# gauss jordan elimination (easy 10 points)?

use gauss jordan elimination to find the vector equation of the line of intersection of each pair of planes.

(i only need help setting the bottom x value, and top y value to 0)

4x - 8y - 3z = 6

-3x + 6y + z = -2

Relevance

So you have the following matrix:

4 -8 -3 6

-3 6 1 -2

I'll divide everything by 4, because I like to work with a 1 in the top corner.
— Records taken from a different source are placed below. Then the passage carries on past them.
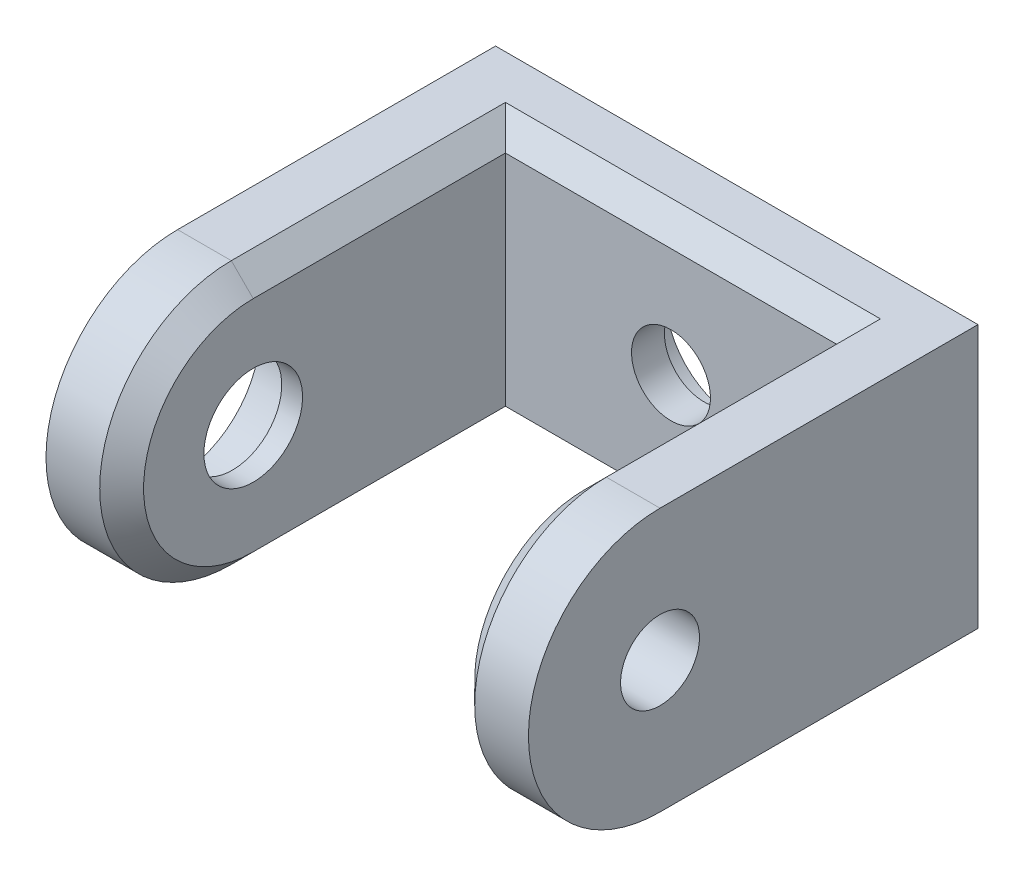
ISO-10303-21;
HEADER;
FILE_DESCRIPTION(('STEP AP214'),'2;1');
FILE_NAME('part.step','',(''),(''),'','','');
FILE_SCHEMA(('AUTOMOTIVE_DESIGN { 1 0 10303 214 1 1 1 1 }'));
ENDSEC;
DATA;
#1=APPLICATION_CONTEXT('core data for automotive mechanical design processes');
#2=APPLICATION_PROTOCOL_DEFINITION('international standard','automotive_design',2000,#1);
#3=PRODUCT_CONTEXT('',#1,'mechanical');
#4=PRODUCT('Part','Part','',(#3));
#5=PRODUCT_RELATED_PRODUCT_CATEGORY('part','',(#4));
#6=PRODUCT_DEFINITION_FORMATION('','',#4);
#7=PRODUCT_DEFINITION_CONTEXT('part definition',#1,'design');
#8=PRODUCT_DEFINITION('design','',#6,#7);
#9=PRODUCT_DEFINITION_SHAPE('','',#8);
#10=(LENGTH_UNIT() NAMED_UNIT(*) SI_UNIT(.MILLI.,.METRE.));
#11=(NAMED_UNIT(*) PLANE_ANGLE_UNIT() SI_UNIT($,.RADIAN.));
#12=(NAMED_UNIT(*) SI_UNIT($,.STERADIAN.) SOLID_ANGLE_UNIT());
#13=UNCERTAINTY_MEASURE_WITH_UNIT(LENGTH_MEASURE(1.E-05),#10,'distance_accuracy_value','');
#14=(GEOMETRIC_REPRESENTATION_CONTEXT(3) GLOBAL_UNCERTAINTY_ASSIGNED_CONTEXT((#13)) GLOBAL_UNIT_ASSIGNED_CONTEXT((#10,
#11,#12)) REPRESENTATION_CONTEXT('',''));
#15=CARTESIAN_POINT('',(0.,0.,0.));
#16=DIRECTION('',(0.,0.,1.));
#17=DIRECTION('',(1.,0.,0.));
#18=AXIS2_PLACEMENT_3D('',#15,#16,#17);
#19=CARTESIAN_POINT('',(-7.55000000000023,1.15251303227707E-13,75.2236151344926));
#20=DIRECTION('',(-1.,0.,0.));
#21=DIRECTION('',(0.,0.,1.));
#22=AXIS2_PLACEMENT_3D('',#19,#20,#21);
#23=CYLINDRICAL_SURFACE('',#22,2.25);
#24=CARTESIAN_POINT('',(-7.55000000000023,1.15251303227707E-13,75.2236151344926));
#25=DIRECTION('',(-1.,0.,0.));
#26=DIRECTION('',(0.,0.,1.));
#27=AXIS2_PLACEMENT_3D('',#24,#25,#26);
#28=CIRCLE('',#27,2.25);
#29=CARTESIAN_POINT('',(-7.55000000000023,1.15251303227707E-13,77.4736151344926));
#30=VERTEX_POINT('',#29);
#31=EDGE_CURVE('E256',#30,#30,#28,.T.);
#32=ORIENTED_EDGE('',*,*,#31,.F.);
#33=EDGE_LOOP('',(#32));
#34=FACE_BOUND('',#33,.T.);
#35=CARTESIAN_POINT('',(-8.50000000000023,1.15145832040368E-13,75.2236151344926));
#36=DIRECTION('',(-1.,0.,0.));
#37=DIRECTION('',(0.,0.,1.));
#38=AXIS2_PLACEMENT_3D('',#35,#36,#37);
#39=CIRCLE('',#38,2.25);
#40=CARTESIAN_POINT('',(-8.50000000000023,1.15145832040368E-13,77.4736151344926));
#41=VERTEX_POINT('',#40);
#42=EDGE_CURVE('E39',#41,#41,#39,.F.);
#43=ORIENTED_EDGE('',*,*,#42,.F.);
#44=EDGE_LOOP('',(#43));
#45=FACE_BOUND('',#44,.T.);
#46=ADVANCED_FACE('F35',(#34,#45),#23,.F.);
#47=CARTESIAN_POINT('',(-7.55000000000023,10.5828871297015,84.7236151344926));
#48=DIRECTION('',(-1.,0.,0.));
#49=DIRECTION('',(0.,-1.,0.));
#50=AXIS2_PLACEMENT_3D('',#47,#48,#49);
#51=PLANE('',#50);
#52=ORIENTED_EDGE('',*,*,#31,.T.);
#53=EDGE_LOOP('',(#52));
#54=FACE_BOUND('',#53,.T.);
#55=DIRECTION('',(0.,1.,0.));
#56=VECTOR('',#55,1.);
#57=CARTESIAN_POINT('',(-7.55000000000023,10.5828871297015,63.7236151344926));
#58=LINE('',#57,#56);
#59=CARTESIAN_POINT('',(-7.55000000000023,-4.99999999999989,63.7236151344926));
#60=VERTEX_POINT('',#59);
#61=CARTESIAN_POINT('',(-7.55000000000023,5.00000000000012,63.7236151344926));
#62=VERTEX_POINT('',#61);
#63=EDGE_CURVE('E206',#60,#62,#58,.T.);
#64=ORIENTED_EDGE('',*,*,#63,.T.);
#65=DIRECTION('',(0.,0.,1.));
#66=VECTOR('',#65,1.);
#67=CARTESIAN_POINT('',(-7.55000000000023,5.00000000000012,84.7236151344926));
#68=LINE('',#67,#66);
#69=CARTESIAN_POINT('',(-7.55000000000023,5.00000000000012,75.2236151344926));
#70=VERTEX_POINT('',#69);
#71=EDGE_CURVE('E158',#62,#70,#68,.T.);
#72=ORIENTED_EDGE('',*,*,#71,.T.);
#73=CARTESIAN_POINT('',(-7.55000000000023,1.15251303227707E-13,75.2236151344926));
#74=DIRECTION('',(-1.,0.,0.));
#75=DIRECTION('',(0.,-1.,0.));
#76=AXIS2_PLACEMENT_3D('',#73,#74,#75);
#77=CIRCLE('',#76,5.);
#78=CARTESIAN_POINT('',(-7.55000000000023,-4.99999999999989,75.2236151344926));
#79=VERTEX_POINT('',#78);
#80=EDGE_CURVE('E148',#70,#79,#77,.F.);
#81=ORIENTED_EDGE('',*,*,#80,.T.);
#82=DIRECTION('',(0.,0.,-1.));
#83=VECTOR('',#82,1.);
#84=CARTESIAN_POINT('',(-7.55000000000023,-4.99999999999989,84.7236151344926));
#85=LINE('',#84,#83);
#86=EDGE_CURVE('E151',#79,#60,#85,.T.);
#87=ORIENTED_EDGE('',*,*,#86,.T.);
#88=EDGE_LOOP('',(#64,#72,#81,#87));
#89=FACE_BOUND('',#88,.T.);
#90=ADVANCED_FACE('F308',(#54,#89),#51,.F.);
#91=CARTESIAN_POINT('',(7.54999999999977,10.5828871297015,84.7236151344926));
#92=DIRECTION('',(1.,0.,0.));
#93=DIRECTION('',(0.,1.,0.));
#94=AXIS2_PLACEMENT_3D('',#91,#92,#93);
#95=PLANE('',#94);
#96=CARTESIAN_POINT('',(7.54999999999977,1.16927739994891E-13,75.2236151344926));
#97=DIRECTION('',(1.,0.,0.));
#98=DIRECTION('',(0.,0.,-1.));
#99=AXIS2_PLACEMENT_3D('',#96,#97,#98);
#100=CIRCLE('',#99,1.79999999999999);
#101=CARTESIAN_POINT('',(7.54999999999977,1.16927739994891E-13,73.4236151344926));
#102=VERTEX_POINT('',#101);
#103=EDGE_CURVE('E249',#102,#102,#100,.T.);
#104=ORIENTED_EDGE('',*,*,#103,.T.);
#105=EDGE_LOOP('',(#104));
#106=FACE_BOUND('',#105,.T.);
#107=DIRECTION('',(0.,-1.,0.));
#108=VECTOR('',#107,1.);
#109=CARTESIAN_POINT('',(7.54999999999977,10.5828871297015,63.7236151344926));
#110=LINE('',#109,#108);
#111=CARTESIAN_POINT('',(7.54999999999977,5.00000000000013,63.7236151344926));
#112=VERTEX_POINT('',#111);
#113=CARTESIAN_POINT('',(7.54999999999977,-4.99999999999989,63.7236151344926));
#114=VERTEX_POINT('',#113);
#115=EDGE_CURVE('E202',#112,#114,#110,.T.);
#116=ORIENTED_EDGE('',*,*,#115,.T.);
#117=DIRECTION('',(0.,0.,1.));
#118=VECTOR('',#117,1.);
#119=CARTESIAN_POINT('',(7.54999999999977,-4.99999999999989,84.7236151344926));
#120=LINE('',#119,#118);
#121=CARTESIAN_POINT('',(7.54999999999977,-4.99999999999989,75.2236151344926));
#122=VERTEX_POINT('',#121);
#123=EDGE_CURVE('E11',#114,#122,#120,.T.);
#124=ORIENTED_EDGE('',*,*,#123,.T.);
#125=CARTESIAN_POINT('',(7.54999999999977,1.16927739994891E-13,75.2236151344926));
#126=DIRECTION('',(1.,0.,0.));
#127=DIRECTION('',(0.,1.,0.));
#128=AXIS2_PLACEMENT_3D('',#125,#126,#127);
#129=CIRCLE('',#128,5.00000000000001);
#130=CARTESIAN_POINT('',(7.54999999999977,5.00000000000013,75.2236151344926));
#131=VERTEX_POINT('',#130);
#132=EDGE_CURVE('E51',#122,#131,#129,.F.);
#133=ORIENTED_EDGE('',*,*,#132,.T.);
#134=DIRECTION('',(0.,0.,-1.));
#135=VECTOR('',#134,1.);
#136=CARTESIAN_POINT('',(7.54999999999977,5.00000000000013,84.7236151344926));
#137=LINE('',#136,#135);
#138=EDGE_CURVE('E44',#131,#112,#137,.T.);
#139=ORIENTED_EDGE('',*,*,#138,.T.);
#140=EDGE_LOOP('',(#116,#124,#133,#139));
#141=FACE_BOUND('',#140,.T.);
#142=ADVANCED_FACE('F314',(#106,#141),#95,.F.);
#143=CARTESIAN_POINT('',(-11.532562594671,6.00000000000012,59.7236151344926));
#144=DIRECTION('',(0.,-1.,0.));
#145=DIRECTION('',(1.,0.,0.));
#146=AXIS2_PLACEMENT_3D('',#143,#144,#145);
#147=PLANE('',#146);
#148=DIRECTION('',(0.,0.,-1.));
#149=VECTOR('',#148,1.);
#150=CARTESIAN_POINT('',(10.9999999999998,6.00000000000012,59.7236151344926));
#151=LINE('',#150,#149);
#152=CARTESIAN_POINT('',(10.9999999999998,6.00000000000013,75.2236151344926));
#153=VERTEX_POINT('',#152);
#154=CARTESIAN_POINT('',(10.9999999999998,6.00000000000013,60.7236151344926));
#155=VERTEX_POINT('',#154);
#156=EDGE_CURVE('E218',#153,#155,#151,.T.);
#157=ORIENTED_EDGE('',*,*,#156,.T.);
#158=DIRECTION('',(-1.,0.,0.));
#159=VECTOR('',#158,1.);
#160=CARTESIAN_POINT('',(17.056465496266,6.00000000000013,60.7236151344926));
#161=LINE('',#160,#159);
#162=CARTESIAN_POINT('',(-11.0000000000002,6.00000000000012,60.7236151344926));
#163=VERTEX_POINT('',#162);
#164=EDGE_CURVE('E143',#155,#163,#161,.T.);
#165=ORIENTED_EDGE('',*,*,#164,.T.);
#166=DIRECTION('',(0.,0.,1.));
#167=VECTOR('',#166,1.);
#168=CARTESIAN_POINT('',(-11.0000000000002,6.00000000000012,59.7236151344926));
#169=LINE('',#168,#167);
#170=CARTESIAN_POINT('',(-11.0000000000002,6.00000000000013,75.2236151344926));
#171=VERTEX_POINT('',#170);
#172=EDGE_CURVE('E131',#163,#171,#169,.T.);
#173=ORIENTED_EDGE('',*,*,#172,.T.);
#174=DIRECTION('',(1.,0.,0.));
#175=VECTOR('',#174,1.);
#176=CARTESIAN_POINT('',(-13.0000000000002,6.00000000000012,75.2236151344926));
#177=LINE('',#176,#175);
#178=CARTESIAN_POINT('',(-8.55000000000023,6.00000000000012,75.2236151344926));
#179=VERTEX_POINT('',#178);
#180=EDGE_CURVE('E196',#171,#179,#177,.T.);
#181=ORIENTED_EDGE('',*,*,#180,.T.);
#182=DIRECTION('',(0.,0.,-1.));
#183=VECTOR('',#182,1.);
#184=CARTESIAN_POINT('',(-8.55000000000023,6.00000000000012,59.7236151344926));
#185=LINE('',#184,#183);
#186=CARTESIAN_POINT('',(-8.55000000000023,6.00000000000012,62.7236151344926));
#187=VERTEX_POINT('',#186);
#188=EDGE_CURVE('E216',#179,#187,#185,.T.);
#189=ORIENTED_EDGE('',*,*,#188,.T.);
#190=DIRECTION('',(1.,0.,0.));
#191=VECTOR('',#190,1.);
#192=CARTESIAN_POINT('',(7.54999999999977,6.00000000000012,62.7236151344926));
#193=LINE('',#192,#191);
#194=CARTESIAN_POINT('',(8.54999999999977,6.00000000000012,62.7236151344926));
#195=VERTEX_POINT('',#194);
#196=EDGE_CURVE('E213',#187,#195,#193,.T.);
#197=ORIENTED_EDGE('',*,*,#196,.T.);
#198=DIRECTION('',(0.,0.,1.));
#199=VECTOR('',#198,1.);
#200=CARTESIAN_POINT('',(8.54999999999977,6.00000000000012,59.7236151344926));
#201=LINE('',#200,#199);
#202=CARTESIAN_POINT('',(8.54999999999976,6.00000000000012,75.2236151344926));
#203=VERTEX_POINT('',#202);
#204=EDGE_CURVE('E211',#195,#203,#201,.T.);
#205=ORIENTED_EDGE('',*,*,#204,.T.);
#206=EDGE_CURVE('E190',#203,#153,#177,.T.);
#207=ORIENTED_EDGE('',*,*,#206,.T.);
#208=EDGE_LOOP('',(#157,#165,#173,#181,#189,#197,#205,#207));
#209=FACE_BOUND('',#208,.T.);
#210=ADVANCED_FACE('F246',(#209),#147,.F.);
#211=CARTESIAN_POINT('',(-2.30527834320716E-13,1.17488742769533E-13,63.7236151344926));
#212=DIRECTION('',(0.,0.,1.));
#213=DIRECTION('',(0.,-1.,0.));
#214=AXIS2_PLACEMENT_3D('',#211,#212,#213);
#215=PLANE('',#214);
#216=CARTESIAN_POINT('',(0.,0.,63.7236151344926));
#217=DIRECTION('',(0.,0.,1.));
#218=DIRECTION('',(1.,0.,0.));
#219=AXIS2_PLACEMENT_3D('',#216,#217,#218);
#220=CIRCLE('',#219,1.8);
#221=CARTESIAN_POINT('',(1.8,0.,63.7236151344926));
#222=VERTEX_POINT('',#221);
#223=EDGE_CURVE('E269',#222,#222,#220,.T.);
#224=ORIENTED_EDGE('',*,*,#223,.F.);
#225=EDGE_LOOP('',(#224));
#226=FACE_BOUND('',#225,.T.);
#227=ORIENTED_EDGE('',*,*,#115,.F.);
#228=DIRECTION('',(-1.,0.,0.));
#229=VECTOR('',#228,1.);
#230=CARTESIAN_POINT('',(-7.55000000000023,5.00000000000012,63.7236151344926));
#231=LINE('',#230,#229);
#232=EDGE_CURVE('E223',#112,#62,#231,.T.);
#233=ORIENTED_EDGE('',*,*,#232,.T.);
#234=ORIENTED_EDGE('',*,*,#63,.F.);
#235=DIRECTION('',(1.,0.,0.));
#236=VECTOR('',#235,1.);
#237=CARTESIAN_POINT('',(7.54999999999977,-4.99999999999988,63.7236151344926));
#238=LINE('',#237,#236);
#239=EDGE_CURVE('E221',#60,#114,#238,.T.);
#240=ORIENTED_EDGE('',*,*,#239,.T.);
#241=EDGE_LOOP('',(#227,#233,#234,#240));
#242=FACE_BOUND('',#241,.T.);
#243=ADVANCED_FACE('F352',(#226,#242),#215,.T.);
#244=CARTESIAN_POINT('',(-11.532562594671,-5.99999999999988,59.7236151344926));
#245=DIRECTION('',(0.,1.,0.));
#246=DIRECTION('',(-1.,0.,0.));
#247=AXIS2_PLACEMENT_3D('',#244,#245,#246);
#248=PLANE('',#247);
#249=DIRECTION('',(0.,0.,-1.));
#250=VECTOR('',#249,1.);
#251=CARTESIAN_POINT('',(-11.0000000000002,-5.99999999999988,59.7236151344926));
#252=LINE('',#251,#250);
#253=CARTESIAN_POINT('',(-11.0000000000002,-5.99999999999989,75.2236151344926));
#254=VERTEX_POINT('',#253);
#255=CARTESIAN_POINT('',(-11.0000000000002,-5.99999999999988,60.7236151344926));
#256=VERTEX_POINT('',#255);
#257=EDGE_CURVE('E128',#254,#256,#252,.T.);
#258=ORIENTED_EDGE('',*,*,#257,.T.);
#259=DIRECTION('',(-1.,0.,0.));
#260=VECTOR('',#259,1.);
#261=CARTESIAN_POINT('',(17.056465496266,-5.99999999999988,60.7236151344926));
#262=LINE('',#261,#260);
#263=CARTESIAN_POINT('',(10.9999999999998,-5.99999999999988,60.7236151344926));
#264=VERTEX_POINT('',#263);
#265=EDGE_CURVE('E135',#264,#256,#262,.T.);
#266=ORIENTED_EDGE('',*,*,#265,.F.);
#267=DIRECTION('',(0.,0.,1.));
#268=VECTOR('',#267,1.);
#269=CARTESIAN_POINT('',(10.9999999999998,-5.99999999999988,59.7236151344926));
#270=LINE('',#269,#268);
#271=CARTESIAN_POINT('',(10.9999999999998,-5.99999999999988,75.2236151344926));
#272=VERTEX_POINT('',#271);
#273=EDGE_CURVE('E149',#264,#272,#270,.T.);
#274=ORIENTED_EDGE('',*,*,#273,.T.);
#275=DIRECTION('',(1.,0.,0.));
#276=VECTOR('',#275,1.);
#277=CARTESIAN_POINT('',(-13.0000000000002,-5.99999999999989,75.2236151344926));
#278=LINE('',#277,#276);
#279=CARTESIAN_POINT('',(8.54999999999976,-5.99999999999988,75.2236151344926));
#280=VERTEX_POINT('',#279);
#281=EDGE_CURVE('E210',#272,#280,#278,.F.);
#282=ORIENTED_EDGE('',*,*,#281,.T.);
#283=DIRECTION('',(0.,0.,-1.));
#284=VECTOR('',#283,1.);
#285=CARTESIAN_POINT('',(8.54999999999977,-5.99999999999988,59.7236151344926));
#286=LINE('',#285,#284);
#287=CARTESIAN_POINT('',(8.54999999999977,-5.99999999999988,62.7236151344926));
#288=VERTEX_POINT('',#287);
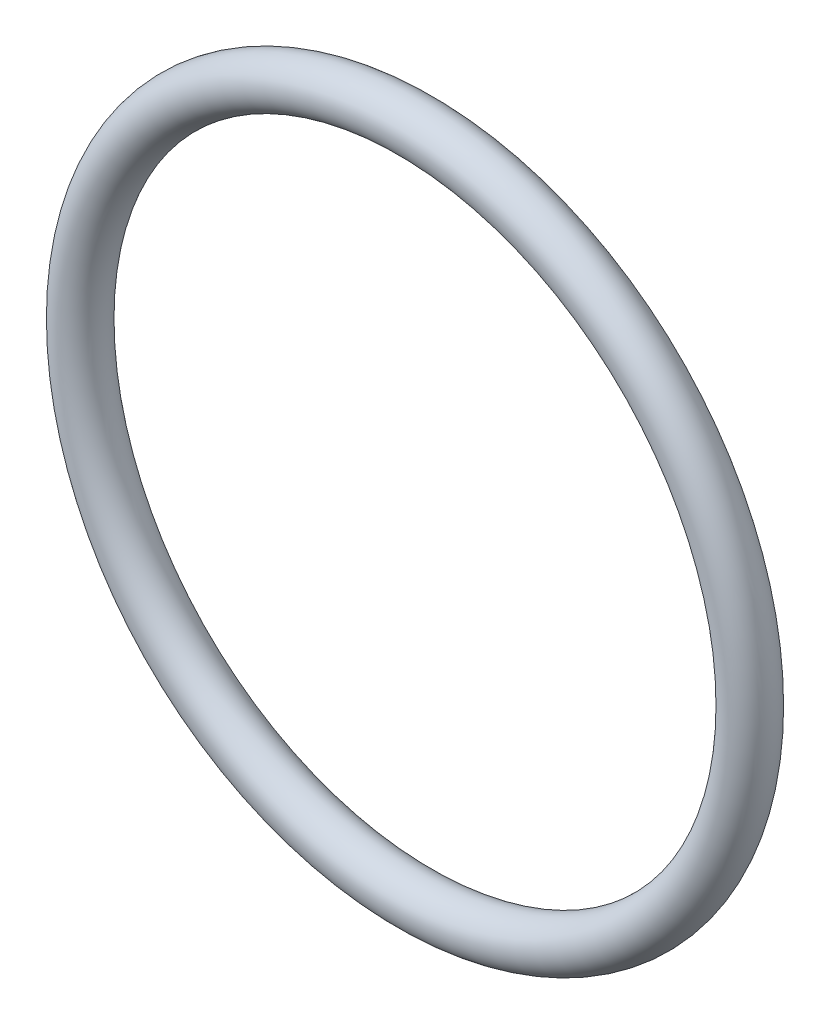
ISO-10303-21;
HEADER;
FILE_DESCRIPTION(('STEP AP214'),'2;1');
FILE_NAME('part.step','',(''),(''),'','','');
FILE_SCHEMA(('AUTOMOTIVE_DESIGN { 1 0 10303 214 1 1 1 1 }'));
ENDSEC;
DATA;
#1=APPLICATION_CONTEXT('core data for automotive mechanical design processes');
#2=APPLICATION_PROTOCOL_DEFINITION('international standard','automotive_design',2000,#1);
#3=PRODUCT_CONTEXT('',#1,'mechanical');
#4=PRODUCT('Part','Part','',(#3));
#5=PRODUCT_RELATED_PRODUCT_CATEGORY('part','',(#4));
#6=PRODUCT_DEFINITION_FORMATION('','',#4);
#7=PRODUCT_DEFINITION_CONTEXT('part definition',#1,'design');
#8=PRODUCT_DEFINITION('design','',#6,#7);
#9=PRODUCT_DEFINITION_SHAPE('','',#8);
#10=(LENGTH_UNIT() NAMED_UNIT(*) SI_UNIT(.MILLI.,.METRE.));
#11=(NAMED_UNIT(*) PLANE_ANGLE_UNIT() SI_UNIT($,.RADIAN.));
#12=(NAMED_UNIT(*) SI_UNIT($,.STERADIAN.) SOLID_ANGLE_UNIT());
#13=UNCERTAINTY_MEASURE_WITH_UNIT(LENGTH_MEASURE(1.E-05),#10,'distance_accuracy_value','');
#14=(GEOMETRIC_REPRESENTATION_CONTEXT(3) GLOBAL_UNCERTAINTY_ASSIGNED_CONTEXT((#13)) GLOBAL_UNIT_ASSIGNED_CONTEXT((#10,
#11,#12)) REPRESENTATION_CONTEXT('',''));
#15=CARTESIAN_POINT('',(0.,0.,0.));
#16=DIRECTION('',(0.,0.,1.));
#17=DIRECTION('',(1.,0.,0.));
#18=AXIS2_PLACEMENT_3D('',#15,#16,#17);
#19=CARTESIAN_POINT('',(0.,0.,0.));
#20=DIRECTION('',(0.,0.,-1.));
#21=DIRECTION('',(-1.,0.,0.));
#22=AXIS2_PLACEMENT_3D('',#19,#20,#21);
#23=TOROIDAL_SURFACE('',#22,28.,2.);
#24=CARTESIAN_POINT('',(-30.,0.,0.));
#25=VERTEX_POINT('',#24);
#26=VERTEX_LOOP('',#25);
#27=FACE_BOUND('',#26,.T.);
#28=ADVANCED_FACE('F39',(#27),#23,.T.);
#29=CLOSED_SHELL('',(#28));
#30=MANIFOLD_SOLID_BREP('B2',#29);
#31=ADVANCED_BREP_SHAPE_REPRESENTATION('',(#18,#30),#14);
#32=SHAPE_DEFINITION_REPRESENTATION(#9,#31);
ENDSEC;
END-ISO-10303-21;

That gives:

1 -2 -3/4 6/4

-3 6 1 -2

Now multiply the top row by 3, add to the bottom row, and replace the bottom row:

1 -2 -3/4 6/4

0 0 -5/4 10/4

Let's multiply the bottom row by 4.

1 -2 -3/4 6/4

0 0 -5 10

And then let's divide by -5.

1 -2 -3/4 6/4

0 0 1 -2

Now, we multiply the bottom row by 3/4, add it to the top row, and replace the top row.

1 -2 0 0

0 0 1 -2

So now you're in reduced row echelon form.

• Add the first equation to (3 times the second equation) to obtain

-5x + 10y = 0; i.e. x=2y. Substituting back, we find z=-2. One way of writing the line of intersection is

{ (0, 0, -2) + t (2, 1, 0): t is real}.